Soccer on a baseball field? Thanks to a removable pitching mound, Sounders FC 2 will play at Cheney Stadium
Cheney Stadium’s new co-tenants, the Seattle Sounders FC 2, got a first glimpse of their home away from home Wednesday afternoon. Player feedback was swift.
“I could tell they were excited,” S2 coach John Hutchinson said, “because they were giggling and laughing and taking Instragram photos.”
Their coach was pretty pumped, as well.
“I’ve never been to Tacoma,” said Hutchinson, an Australian native who last year moved to the Seattle area. “I wasn’t sure what I was expecting when I walked in here, and then I saw an amazing baseball stadium that they’ve turned into a place for soccer with fantastic grass.”
The first United Soccer League match on that grass will be played Friday night at 7, when S2 faces Portland Timbers 2. The forecast is calling for a crowd of raucous fans enjoying optimum sight lines in a ballpark reconfigured for strikes of a different kind.
Gone will be the mound and the basepaths, covered by temporary sodding seamlessly installed to blend in with the rest of the field.
“Magnificent,” veteran midfielder David Estrada said of the conversion. “Kudos to the people who made it happen.”
Cheney Stadium groundskeeper Michael Huie oversees the many people who will make soccer happen 17 times before the regular season concludes on Oct. 10. Huie admits he knows next to nothing about soccer, as he’s a baseball guy.
More to the point, he’s a lawn guy who studied turf management at Walla Walla Community College. Until it was determined that S2 would exchange home games at the Starfire Sports complex for a long-time future in Tacoma, Huie had no idea his responsibilities would be vastly expanded.
But he’s embracing the challenge, with the emphasis on the challenge.
“We had a custom platform made weighing 22 tons, and we build the mound on that,” said Huie. “We can pop it up with a trailer and take it off the field.”
Cheney Stadium’s dual-purpose function required 13,000 square feet of sod to be transported from a Moses Lake turf farm for the Friday opener. Each batch is one-and-done, replaced by a fresh shipment.
“We’re looking at different ways on how to get rid of it,” said Huie. “We may have a day where we haul it into our overflow lot, then sell it to the community as ‘game-used sod.’
Otherwise, Huie continued, “there’s a pretty good plan in place. We’re trying to do it right. A lot of soccer teams share stadiums with baseball teams, but the extent we’re doing it is pretty extreme. There is no clay anywhere, so it makes for an aesthetic, pleasing look.”
Because soccer players are almost unanimous in their preference of natural grass over the artificial-turf surfaces at Starfire and CenturyLink Field, the state of the field meant love at first sight Wednesday.
“When you first hear you’re playing in a baseball stadium, your standards kind of drop a little bit,” said S2 captain Ray Saari. “But I’m very impressed by the work the Rainiers have done. It’s by far one of the best soccer pitches I’ve seen that’s been transformed from a baseball field.”
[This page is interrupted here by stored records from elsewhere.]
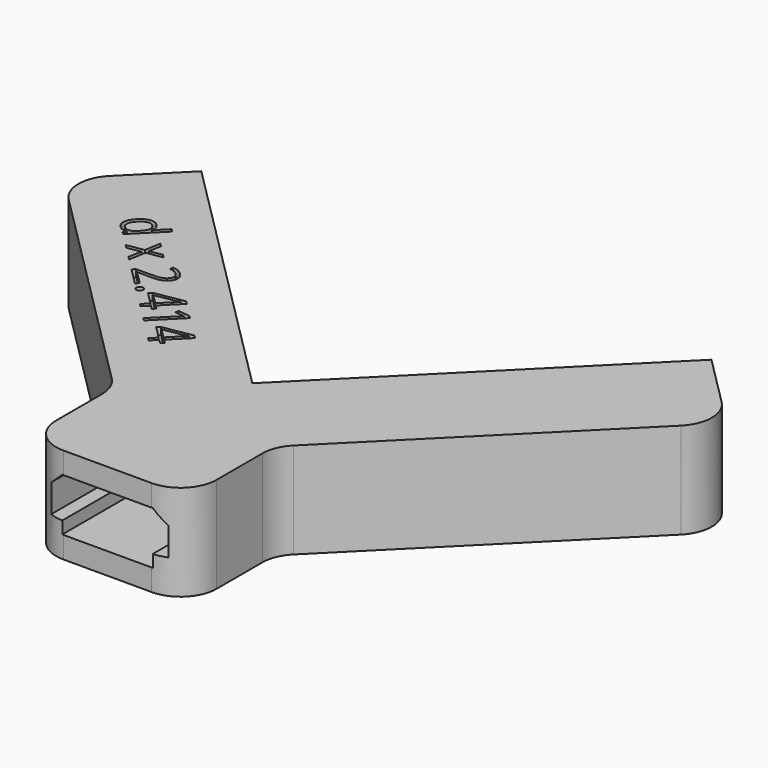
from build123d import *

# Parameters (mm, degrees)
F1_DEPTH     = 13.3
F2_W         = 12.55
F2_H         = 1.71
F2_H_2       = 5.59
F3_DEPTH     = 25.088
F4_W         = 4.05
F4_H         = 1.95
F5_DEPTH     = 35.3565424949
F6_TEXT_SIZE = 7.0518235575
F7_DEPTH     = 1


# Not quite as in the source:
# - Text() gives the source's letters only with a copy of the font that has no kerning and outlines rounded to 1/6400 em; it was checked with that copy


with BuildPart() as f1:
    # F0 (on Top) → F1 (new body)
    with BuildSketch(Plane.XY):
        with BuildLine():
            Line((35.3553390593, 35.3553390593), (0, 0))
            Line((0, 0), (-35.3553390593, 35.3553390593))
            Line((-35.3553390593, 35.3553390593), (-42.4264068712, 28.2842712475))
            ThreePointArc((-42.4264068712, 28.2842712475), (-43.8908729653, 24.7487373415), (-42.4264068712, 21.2132034356))
            Line((-42.4264068712, 21.2132034356), (-12.5894660941, -8.6237373415))
            ThreePointArc((-12.5894660941, -8.6237373415), (-11.5056023374, -10.2458540856), (-11.125, -12.1592712475))
            Line((-11.125, -12.1592712475), (-11.125, -20.0882034356))
            ThreePointArc((-11.125, -20.0882034356), (-9.6605339059, -23.6237373415), (-6.125, -25.0882034356))
            Line((-6.125, -25.0882034356), (6.125, -25.0882034356))
            ThreePointArc((6.125, -25.0882034356), (9.6605339059, -23.6237373415), (11.125, -20.0882034356))
            Line((11.125, -20.0882034356), (11.125, -12.1592712475))
            ThreePointArc((11.125, -12.1592712475), (11.5056023374, -10.2458540856), (12.5894660941, -8.6237373415))
            Line((12.5894660941, -8.6237373415), (42.4264068712, 21.2132034356))
            ThreePointArc((42.4264068712, 21.2132034356), (43.8908729653, 24.7487373415), (42.4264068712, 28.2842712475))
            Line((42.4264068712, 28.2842712475), (35.3553390593, 35.3553390593))
        make_face()
    extrude(amount=F1_DEPTH)

    # F2 (on face) → F3 (cut)
    with BuildSketch(Plane.XZ.offset(25.0882034356)):
        Polygon((6.275, 4.71), (8.125, 4.71), (8.125, 8.59), (6.275, 10.3), align=None)
        with Locations((0, 3.855)):
            Rectangle(F2_W, F2_H)
        with Locations((0, 7.505)):
            Rectangle(F2_W, F2_H_2)
        Polygon((-8.125, 4.71), (-6.275, 4.71), (-6.275, 10.3), (-8.125, 8.59), align=None)
    extrude(amount=-F3_DEPTH, mode=Mode.SUBTRACT)

    # F4 (on face) → F5 (cut, through all)
    with BuildSketch(Plane.XZ.offset(0.0002034356)):
        with Locations((0, 6.285)):
            Rectangle(F4_W, F4_H)
    extrude(amount=-F5_DEPTH, mode=Mode.SUBTRACT)

    # F6 (on face) → F7 (cut)
    with BuildSketch(Plane.XY.offset(13.3)):
        with Locations(Location((-35.3906943984, 21.1778480965), (0, 0, -45))):
            Text('d x 2.414', F6_TEXT_SIZE, font='Open Sans', text_align=(TextAlign.LEFT, TextAlign.BOTTOM))
    extrude(amount=-F7_DEPTH, mode=Mode.SUBTRACT)


solid = f1.part

At 22, Saari is among the oldest members of a roster whose youngest player is 15. In that sense, the USL is more akin to a professional junior hockey league than, say, the Pacific Coast League, where 22-year olds are regarded as kids.
Another difference might be the intensity of the competition. In Triple-A baseball, the priority is to put players in position to contribute to the Major League affiliate. Winning games, and championships, is gravy.
For S2, winning games, and championships, is the foremost objective.
“Each player has his own ambition,” said Saari. “But as a team, we want to be a dominant team. Because at the end of the day, our organization is a dominant organization: Since 2009, we’re the winningest team in the MLS. That competitive drive is something we want to instill in every single player.
“Our team wants redemption from last year,” Saari continued, referring to S2’s record of 9-19-4 in 2017. “We had a very bad year, not gonna sugarcoat it, and we want to come out and make a good impression, not just for the fans for the whole organization.”
Promised Hutchinson: “You’re going to see a lot of energy. They will play a hands-on game and go for it. We’re never gonna sit back and just try to get a point in a draw.”
If the S2 comports itself like that, it’s possible the baseball fan who serves as Cheney Stadium’s head groundskeeper will become an expert on a sport he barely recognizes.
“I never thought I’d be putting soccer on a baseball field,” Huie said. “But it’s a process and a cool journey, and here we are.”